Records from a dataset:
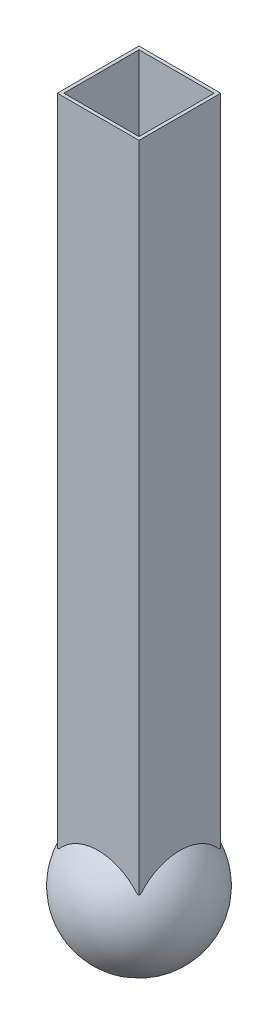
ISO-10303-21;
HEADER;
FILE_DESCRIPTION(('STEP AP214'),'2;1');
FILE_NAME('part.step','',(''),(''),'','','');
FILE_SCHEMA(('AUTOMOTIVE_DESIGN { 1 0 10303 214 1 1 1 1 }'));
ENDSEC;
DATA;
#1=APPLICATION_CONTEXT('core data for automotive mechanical design processes');
#2=APPLICATION_PROTOCOL_DEFINITION('international standard','automotive_design',2000,#1);
#3=PRODUCT_CONTEXT('',#1,'mechanical');
#4=PRODUCT('Part','Part','',(#3));
#5=PRODUCT_RELATED_PRODUCT_CATEGORY('part','',(#4));
#6=PRODUCT_DEFINITION_FORMATION('','',#4);
#7=PRODUCT_DEFINITION_CONTEXT('part definition',#1,'design');
#8=PRODUCT_DEFINITION('design','',#6,#7);
#9=PRODUCT_DEFINITION_SHAPE('','',#8);
#10=(LENGTH_UNIT() NAMED_UNIT(*) SI_UNIT(.MILLI.,.METRE.));
#11=(NAMED_UNIT(*) PLANE_ANGLE_UNIT() SI_UNIT($,.RADIAN.));
#12=(NAMED_UNIT(*) SI_UNIT($,.STERADIAN.) SOLID_ANGLE_UNIT());
#13=UNCERTAINTY_MEASURE_WITH_UNIT(LENGTH_MEASURE(1.E-05),#10,'distance_accuracy_value','');
#14=(GEOMETRIC_REPRESENTATION_CONTEXT(3) GLOBAL_UNCERTAINTY_ASSIGNED_CONTEXT((#13)) GLOBAL_UNIT_ASSIGNED_CONTEXT((#10,
#11,#12)) REPRESENTATION_CONTEXT('',''));
#15=CARTESIAN_POINT('',(0.,0.,0.));
#16=DIRECTION('',(0.,0.,1.));
#17=DIRECTION('',(1.,0.,0.));
#18=AXIS2_PLACEMENT_3D('',#15,#16,#17);
#19=CARTESIAN_POINT('',(0.,0.,0.));
#20=DIRECTION('',(0.,1.,0.));
#21=DIRECTION('',(0.,0.,1.));
#22=AXIS2_PLACEMENT_3D('',#19,#20,#21);
#23=PLANE('',#22);
#24=CARTESIAN_POINT('',(0.,0.,0.));
#25=DIRECTION('',(0.,1.,0.));
#26=DIRECTION('',(0.,0.,1.));
#27=AXIS2_PLACEMENT_3D('',#24,#25,#26);
#28=CIRCLE('',#27,17.3205080756888);
#29=CARTESIAN_POINT('',(-11.9895788082818,0.,12.5));
#30=VERTEX_POINT('',#29);
#31=CARTESIAN_POINT('',(-12.5,0.,11.9895788082818));
#32=VERTEX_POINT('',#31);
#33=EDGE_CURVE('E274',#30,#32,#28,.F.);
#34=ORIENTED_EDGE('',*,*,#33,.F.);
#35=DIRECTION('',(1.,0.,0.));
#36=VECTOR('',#35,1.);
#37=CARTESIAN_POINT('',(-12.5,0.,12.5));
#38=LINE('',#37,#36);
#39=CARTESIAN_POINT('',(-12.5,0.,12.5));
#40=VERTEX_POINT('',#39);
#41=EDGE_CURVE('E213',#40,#30,#38,.T.);
#42=ORIENTED_EDGE('',*,*,#41,.F.);
#43=DIRECTION('',(0.,0.,1.));
#44=VECTOR('',#43,1.);
#45=CARTESIAN_POINT('',(-12.5,0.,-12.5));
#46=LINE('',#45,#44);
#47=EDGE_CURVE('E222',#32,#40,#46,.T.);
#48=ORIENTED_EDGE('',*,*,#47,.F.);
#49=EDGE_LOOP('',(#34,#42,#48));
#50=FACE_BOUND('',#49,.T.);
#51=ADVANCED_FACE('F37',(#50),#23,.F.);
#52=CARTESIAN_POINT('',(-12.5,0.,-11.9895788082818));
#53=VERTEX_POINT('',#52);
#54=CARTESIAN_POINT('',(-11.9895788082818,0.,-12.5));
#55=VERTEX_POINT('',#54);
#56=EDGE_CURVE('E268',#53,#55,#28,.F.);
#57=ORIENTED_EDGE('',*,*,#56,.F.);
#58=CARTESIAN_POINT('',(-12.5,0.,-12.5));
#59=VERTEX_POINT('',#58);
#60=EDGE_CURVE('E218',#59,#53,#46,.T.);
#61=ORIENTED_EDGE('',*,*,#60,.F.);
#62=DIRECTION('',(-1.,0.,0.));
#63=VECTOR('',#62,1.);
#64=CARTESIAN_POINT('',(-12.5,0.,-12.5));
#65=LINE('',#64,#63);
#66=EDGE_CURVE('E226',#55,#59,#65,.T.);
#67=ORIENTED_EDGE('',*,*,#66,.F.);
#68=EDGE_LOOP('',(#57,#61,#67));
#69=FACE_BOUND('',#68,.T.);
#70=ADVANCED_FACE('F384',(#69),#23,.F.);
#71=CARTESIAN_POINT('',(11.9895788082818,0.,-12.5));
#72=VERTEX_POINT('',#71);
#73=CARTESIAN_POINT('',(12.5,0.,-11.9895788082818));
#74=VERTEX_POINT('',#73);
#75=EDGE_CURVE('E270',#72,#74,#28,.F.);
#76=ORIENTED_EDGE('',*,*,#75,.F.);
#77=CARTESIAN_POINT('',(12.5,0.,-12.5));
#78=VERTEX_POINT('',#77);
#79=EDGE_CURVE('E223',#78,#72,#65,.T.);
#80=ORIENTED_EDGE('',*,*,#79,.F.);
#81=DIRECTION('',(0.,0.,-1.));
#82=VECTOR('',#81,1.);
#83=CARTESIAN_POINT('',(12.5,0.,-12.5));
#84=LINE('',#83,#82);
#85=EDGE_CURVE('E230',#74,#78,#84,.T.);
#86=ORIENTED_EDGE('',*,*,#85,.F.);
#87=EDGE_LOOP('',(#76,#80,#86));
#88=FACE_BOUND('',#87,.T.);
#89=ADVANCED_FACE('F389',(#88),#23,.F.);
#90=CARTESIAN_POINT('',(0.,200.,0.));
#91=DIRECTION('',(0.,1.,0.));
#92=DIRECTION('',(0.,0.,1.));
#93=AXIS2_PLACEMENT_3D('',#90,#91,#92);
#94=PLANE('',#93);
#95=DIRECTION('',(0.,0.,-1.));
#96=VECTOR('',#95,1.);
#97=CARTESIAN_POINT('',(12.5,200.,-12.5));
#98=LINE('',#97,#96);
#99=CARTESIAN_POINT('',(12.5,200.,12.5));
#100=VERTEX_POINT('',#99);
#101=CARTESIAN_POINT('',(12.5,200.,-12.5));
#102=VERTEX_POINT('',#101);
#103=EDGE_CURVE('E215',#100,#102,#98,.T.);
#104=ORIENTED_EDGE('',*,*,#103,.T.);
#105=DIRECTION('',(-1.,0.,0.));
#106=VECTOR('',#105,1.);
#107=CARTESIAN_POINT('',(-12.5,200.,-12.5));
#108=LINE('',#107,#106);
#109=CARTESIAN_POINT('',(-12.5,200.,-12.5));
#110=VERTEX_POINT('',#109);
#111=EDGE_CURVE('E234',#102,#110,#108,.T.);
#112=ORIENTED_EDGE('',*,*,#111,.T.);
#113=DIRECTION('',(0.,0.,1.));
#114=VECTOR('',#113,1.);
#115=CARTESIAN_POINT('',(-12.5,200.,-12.5));
#116=LINE('',#115,#114);
#117=CARTESIAN_POINT('',(-12.5,200.,12.5));
#118=VERTEX_POINT('',#117);
#119=EDGE_CURVE('E232',#110,#118,#116,.T.);
#120=ORIENTED_EDGE('',*,*,#119,.T.);
#121=DIRECTION('',(1.,0.,0.));
#122=VECTOR('',#121,1.);
#123=CARTESIAN_POINT('',(-12.5,200.,12.5));
#124=LINE('',#123,#122);
#125=EDGE_CURVE('E212',#118,#100,#124,.T.);
#126=ORIENTED_EDGE('',*,*,#125,.T.);
#127=EDGE_LOOP('',(#104,#112,#120,#126));
#128=FACE_BOUND('',#127,.T.);
#129=DIRECTION('',(1.,0.,0.));
#130=VECTOR('',#129,1.);
#131=CARTESIAN_POINT('',(-11.5,200.,11.5));
#132=LINE('',#131,#130);
#133=CARTESIAN_POINT('',(-11.5,200.,11.5));
#134=VERTEX_POINT('',#133);
#135=CARTESIAN_POINT('',(11.5,200.,11.5));
#136=VERTEX_POINT('',#135);
#137=EDGE_CURVE('E263',#134,#136,#132,.T.);
#138=ORIENTED_EDGE('',*,*,#137,.F.);
#139=DIRECTION('',(0.,0.,1.));
#140=VECTOR('',#139,1.);
#141=CARTESIAN_POINT('',(-11.5,200.,-11.5));
#142=LINE('',#141,#140);
#143=CARTESIAN_POINT('',(-11.5,200.,-11.5));
#144=VERTEX_POINT('',#143);
#145=EDGE_CURVE('E183',#144,#134,#142,.T.);
#146=ORIENTED_EDGE('',*,*,#145,.F.);
#147=DIRECTION('',(-1.,0.,0.));
#148=VECTOR('',#147,1.);
#149=CARTESIAN_POINT('',(-11.5,200.,-11.5));
#150=LINE('',#149,#148);
#151=CARTESIAN_POINT('',(11.5,200.,-11.5));
#152=VERTEX_POINT('',#151);
#153=EDGE_CURVE('E249',#152,#144,#150,.T.);
#154=ORIENTED_EDGE('',*,*,#153,.F.);
#155=DIRECTION('',(0.,0.,-1.));
#156=VECTOR('',#155,1.);
#157=CARTESIAN_POINT('',(11.5,200.,-11.5));
#158=LINE('',#157,#156);
#159=EDGE_CURVE('E260',#136,#152,#158,.T.);
#160=ORIENTED_EDGE('',*,*,#159,.F.);
#161=EDGE_LOOP('',(#138,#146,#154,#160));
#162=FACE_BOUND('',#161,.T.);
#163=ADVANCED_FACE('F489',(#128,#162),#94,.T.);
#164=CARTESIAN_POINT('',(12.5,0.,11.9895788082818));
#165=VERTEX_POINT('',#164);
#166=CARTESIAN_POINT('',(11.9895788082818,0.,12.5));
#167=VERTEX_POINT('',#166);
#168=EDGE_CURVE('E275',#165,#167,#28,.F.);
#169=ORIENTED_EDGE('',*,*,#168,.F.);
#170=CARTESIAN_POINT('',(12.5,0.,12.5));
#171=VERTEX_POINT('',#170);
#172=EDGE_CURVE('E227',#171,#165,#84,.T.);
#173=ORIENTED_EDGE('',*,*,#172,.F.);
#174=EDGE_CURVE('E217',#167,#171,#38,.T.);
#175=ORIENTED_EDGE('',*,*,#174,.F.);
#176=EDGE_LOOP('',(#169,#173,#175));
#177=FACE_BOUND('',#176,.T.);
#178=ADVANCED_FACE('F392',(#177),#23,.F.);
#179=CARTESIAN_POINT('',(12.5,200.,-12.5));
#180=DIRECTION('',(-1.,0.,0.));
#181=DIRECTION('',(0.,0.,1.));
#182=AXIS2_PLACEMENT_3D('',#179,#180,#181);
#183=PLANE('',#182);
#184=CARTESIAN_POINT('',(12.5,-10.,0.));
#185=DIRECTION('',(-1.,0.,0.));
#186=DIRECTION('',(0.,0.,1.));
#187=AXIS2_PLACEMENT_3D('',#184,#185,#186);
#188=CIRCLE('',#187,15.612494995996);
#189=EDGE_CURVE('E53',#74,#165,#188,.F.);
#190=ORIENTED_EDGE('',*,*,#189,.F.);
#191=ORIENTED_EDGE('',*,*,#85,.T.);
#192=DIRECTION('',(0.,-1.,0.));
#193=VECTOR('',#192,1.);
#194=CARTESIAN_POINT('',(12.5,200.,-12.5));
#195=LINE('',#194,#193);
#196=EDGE_CURVE('E199',#102,#78,#195,.T.);
#197=ORIENTED_EDGE('',*,*,#196,.F.);
#198=ORIENTED_EDGE('',*,*,#103,.F.);
#199=DIRECTION('',(0.,-1.,0.));
#200=VECTOR('',#199,1.);
#201=CARTESIAN_POINT('',(12.5,200.,12.5));
#202=LINE('',#201,#200);
#203=EDGE_CURVE('E209',#100,#171,#202,.T.);
#204=ORIENTED_EDGE('',*,*,#203,.T.);
#205=ORIENTED_EDGE('',*,*,#172,.T.);
#206=EDGE_LOOP('',(#190,#191,#197,#198,#204,#205));
#207=FACE_BOUND('',#206,.T.);
#208=ADVANCED_FACE('F39',(#207),#183,.F.);
#209=CARTESIAN_POINT('',(-12.5,200.,-12.5));
#210=DIRECTION('',(0.,0.,1.));
#211=DIRECTION('',(1.,0.,0.));
#212=AXIS2_PLACEMENT_3D('',#209,#210,#211);
#213=PLANE('',#212);
#214=CARTESIAN_POINT('',(0.,-10.,-12.5));
#215=DIRECTION('',(0.,0.,1.));
#216=DIRECTION('',(1.,0.,0.));
#217=AXIS2_PLACEMENT_3D('',#214,#215,#216);
#218=CIRCLE('',#217,15.612494995996);
#219=EDGE_CURVE('E258',#55,#72,#218,.F.);
#220=ORIENTED_EDGE('',*,*,#219,.F.);
#221=ORIENTED_EDGE('',*,*,#66,.T.);
#222=DIRECTION('',(0.,-1.,0.));
#223=VECTOR('',#222,1.);
#224=CARTESIAN_POINT('',(-12.5,200.,-12.5));
#225=LINE('',#224,#223);
#226=EDGE_CURVE('E201',#110,#59,#225,.T.);
#227=ORIENTED_EDGE('',*,*,#226,.F.);
#228=ORIENTED_EDGE('',*,*,#111,.F.);
#229=ORIENTED_EDGE('',*,*,#196,.T.);
#230=ORIENTED_EDGE('',*,*,#79,.T.);
#231=EDGE_LOOP('',(#220,#221,#227,#228,#229,#230));
#232=FACE_BOUND('',#231,.T.);
#233=ADVANCED_FACE('F358',(#232),#213,.F.);
#234=CARTESIAN_POINT('',(-12.5,200.,-12.5));
#235=DIRECTION('',(1.,0.,0.));
#236=DIRECTION('',(0.,0.,-1.));
#237=AXIS2_PLACEMENT_3D('',#234,#235,#236);
#238=PLANE('',#237);
#239=CARTESIAN_POINT('',(-12.5,-10.,0.));
#240=DIRECTION('',(1.,0.,0.));
#241=DIRECTION('',(0.,0.,-1.));
#242=AXIS2_PLACEMENT_3D('',#239,#240,#241);
#243=CIRCLE('',#242,15.612494995996);
#244=EDGE_CURVE('E271',#32,#53,#243,.F.);
#245=ORIENTED_EDGE('',*,*,#244,.F.);
#246=ORIENTED_EDGE('',*,*,#47,.T.);
#247=DIRECTION('',(0.,-1.,0.));
#248=VECTOR('',#247,1.);
#249=CARTESIAN_POINT('',(-12.5,200.,12.5));
#250=LINE('',#249,#248);
#251=EDGE_CURVE('E206',#118,#40,#250,.T.);
#252=ORIENTED_EDGE('',*,*,#251,.F.);
#253=ORIENTED_EDGE('',*,*,#119,.F.);
#254=ORIENTED_EDGE('',*,*,#226,.T.);
#255=ORIENTED_EDGE('',*,*,#60,.T.);
#256=EDGE_LOOP('',(#245,#246,#252,#253,#254,#255));
#257=FACE_BOUND('',#256,.T.);
#258=ADVANCED_FACE('F343',(#257),#238,.F.);
#259=CARTESIAN_POINT('',(-12.5,200.,12.5));
#260=DIRECTION('',(0.,0.,-1.));
#261=DIRECTION('',(-1.,0.,0.));
#262=AXIS2_PLACEMENT_3D('',#259,#260,#261);
#263=PLANE('',#262);
#264=CARTESIAN_POINT('',(0.,-10.,12.5));
#265=DIRECTION('',(0.,0.,-1.));
#266=DIRECTION('',(-1.,0.,0.));
#267=AXIS2_PLACEMENT_3D('',#264,#265,#266);
#268=CIRCLE('',#267,15.612494995996);
#269=EDGE_CURVE('E278',#167,#30,#268,.F.);
#270=ORIENTED_EDGE('',*,*,#269,.F.);
#271=ORIENTED_EDGE('',*,*,#174,.T.);
#272=ORIENTED_EDGE('',*,*,#203,.F.);
#273=ORIENTED_EDGE('',*,*,#125,.F.);
#274=ORIENTED_EDGE('',*,*,#251,.T.);
#275=ORIENTED_EDGE('',*,*,#41,.T.);
#276=EDGE_LOOP('',(#270,#271,#272,#273,#274,#275));
#277=FACE_BOUND('',#276,.T.);
#278=ADVANCED_FACE('F348',(#277),#263,.F.);
#279=CARTESIAN_POINT('',(-11.5,200.,-11.5));
#280=DIRECTION('',(1.,0.,0.));
#281=DIRECTION('',(0.,0.,-1.));
#282=AXIS2_PLACEMENT_3D('',#279,#280,#281);
#283=PLANE('',#282);
#284=DIRECTION('',(0.,-1.,0.));
#285=VECTOR('',#284,1.);
#286=CARTESIAN_POINT('',(-11.5,200.,11.5));
#287=LINE('',#286,#285);
#288=CARTESIAN_POINT('',(-11.5,1.64044672682282,11.5));
#289=VERTEX_POINT('',#288);
#290=EDGE_CURVE('E238',#134,#289,#287,.T.);
#291=ORIENTED_EDGE('',*,*,#290,.T.);
#292=CARTESIAN_POINT('',(-11.5,-10.,0.));
#293=DIRECTION('',(1.,0.,0.));
#294=DIRECTION('',(0.,0.,-1.));
#295=AXIS2_PLACEMENT_3D('',#292,#293,#294);
#296=CIRCLE('',#295,16.3630681719536);
#297=CARTESIAN_POINT('',(-11.5,1.64044672682282,-11.5));
#298=VERTEX_POINT('',#297);
#299=EDGE_CURVE('E281',#289,#298,#296,.F.);
#300=ORIENTED_EDGE('',*,*,#299,.T.);
#301=DIRECTION('',(0.,-1.,0.));
#302=VECTOR('',#301,1.);
#303=CARTESIAN_POINT('',(-11.5,200.,-11.5));
#304=LINE('',#303,#302);
#305=EDGE_CURVE('E247',#144,#298,#304,.T.);
#306=ORIENTED_EDGE('',*,*,#305,.F.);
#307=ORIENTED_EDGE('',*,*,#145,.T.);
#308=EDGE_LOOP('',(#291,#300,#306,#307));
#309=FACE_BOUND('',#308,.T.);
#310=ADVANCED_FACE('F334',(#309),#283,.T.);
#311=CARTESIAN_POINT('',(-11.5,200.,11.5));
#312=DIRECTION('',(0.,0.,-1.));
#313=DIRECTION('',(-1.,0.,0.));
#314=AXIS2_PLACEMENT_3D('',#311,#312,#313);
#315=PLANE('',#314);
#316=DIRECTION('',(0.,-1.,0.));
#317=VECTOR('',#316,1.);
#318=CARTESIAN_POINT('',(11.5,200.,11.5));
#319=LINE('',#318,#317);
#320=CARTESIAN_POINT('',(11.5,1.6404467268228,11.5));
#321=VERTEX_POINT('',#320);
#322=EDGE_CURVE('E241',#136,#321,#319,.T.);
#323=ORIENTED_EDGE('',*,*,#322,.T.);
#324=CARTESIAN_POINT('',(0.,-10.,11.5));
#325=DIRECTION('',(0.,0.,-1.));
#326=DIRECTION('',(-1.,0.,0.));
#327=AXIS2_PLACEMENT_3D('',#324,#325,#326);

## Work required
Beginning with the line above that contains "#166=CARTESIAN_POINT('',(11.9895788082818,0.,12.5));", copy each line exactly up to and including the line that contains "#228=ORIENTED_EDGE('',*,*,#111,.F.);", and go no further.

## Solution for this problem
#166=CARTESIAN_POINT('',(11.9895788082818,0.,12.5));
#167=VERTEX_POINT('',#166);
#168=EDGE_CURVE('E275',#165,#167,#28,.F.);
#169=ORIENTED_EDGE('',*,*,#168,.F.);
#170=CARTESIAN_POINT('',(12.5,0.,12.5));
#171=VERTEX_POINT('',#170);
#172=EDGE_CURVE('E227',#171,#165,#84,.T.);
#173=ORIENTED_EDGE('',*,*,#172,.F.);
#174=EDGE_CURVE('E217',#167,#171,#38,.T.);
#175=ORIENTED_EDGE('',*,*,#174,.F.);
#176=EDGE_LOOP('',(#169,#173,#175));
#177=FACE_BOUND('',#176,.T.);
#178=ADVANCED_FACE('F392',(#177),#23,.F.);
#179=CARTESIAN_POINT('',(12.5,200.,-12.5));
#180=DIRECTION('',(-1.,0.,0.));
#181=DIRECTION('',(0.,0.,1.));
#182=AXIS2_PLACEMENT_3D('',#179,#180,#181);
#183=PLANE('',#182);
#184=CARTESIAN_POINT('',(12.5,-10.,0.));
#185=DIRECTION('',(-1.,0.,0.));
#186=DIRECTION('',(0.,0.,1.));
#187=AXIS2_PLACEMENT_3D('',#184,#185,#186);
#188=CIRCLE('',#187,15.612494995996);
#189=EDGE_CURVE('E53',#74,#165,#188,.F.);
#190=ORIENTED_EDGE('',*,*,#189,.F.);
#191=ORIENTED_EDGE('',*,*,#85,.T.);
#192=DIRECTION('',(0.,-1.,0.));
#193=VECTOR('',#192,1.);
#194=CARTESIAN_POINT('',(12.5,200.,-12.5));
#195=LINE('',#194,#193);
#196=EDGE_CURVE('E199',#102,#78,#195,.T.);
#197=ORIENTED_EDGE('',*,*,#196,.F.);
#198=ORIENTED_EDGE('',*,*,#103,.F.);
#199=DIRECTION('',(0.,-1.,0.));
#200=VECTOR('',#199,1.);
#201=CARTESIAN_POINT('',(12.5,200.,12.5));
#202=LINE('',#201,#200);
#203=EDGE_CURVE('E209',#100,#171,#202,.T.);
#204=ORIENTED_EDGE('',*,*,#203,.T.);
#205=ORIENTED_EDGE('',*,*,#172,.T.);
#206=EDGE_LOOP('',(#190,#191,#197,#198,#204,#205));
#207=FACE_BOUND('',#206,.T.);
#208=ADVANCED_FACE('F39',(#207),#183,.F.);
#209=CARTESIAN_POINT('',(-12.5,200.,-12.5));
#210=DIRECTION('',(0.,0.,1.));
#211=DIRECTION('',(1.,0.,0.));
#212=AXIS2_PLACEMENT_3D('',#209,#210,#211);
#213=PLANE('',#212);
#214=CARTESIAN_POINT('',(0.,-10.,-12.5));
#215=DIRECTION('',(0.,0.,1.));
#216=DIRECTION('',(1.,0.,0.));
#217=AXIS2_PLACEMENT_3D('',#214,#215,#216);
#218=CIRCLE('',#217,15.612494995996);
#219=EDGE_CURVE('E258',#55,#72,#218,.F.);
#220=ORIENTED_EDGE('',*,*,#219,.F.);
#221=ORIENTED_EDGE('',*,*,#66,.T.);
#222=DIRECTION('',(0.,-1.,0.));
#223=VECTOR('',#222,1.);
#224=CARTESIAN_POINT('',(-12.5,200.,-12.5));
#225=LINE('',#224,#223);
#226=EDGE_CURVE('E201',#110,#59,#225,.T.);
#227=ORIENTED_EDGE('',*,*,#226,.F.);
#228=ORIENTED_EDGE('',*,*,#111,.F.);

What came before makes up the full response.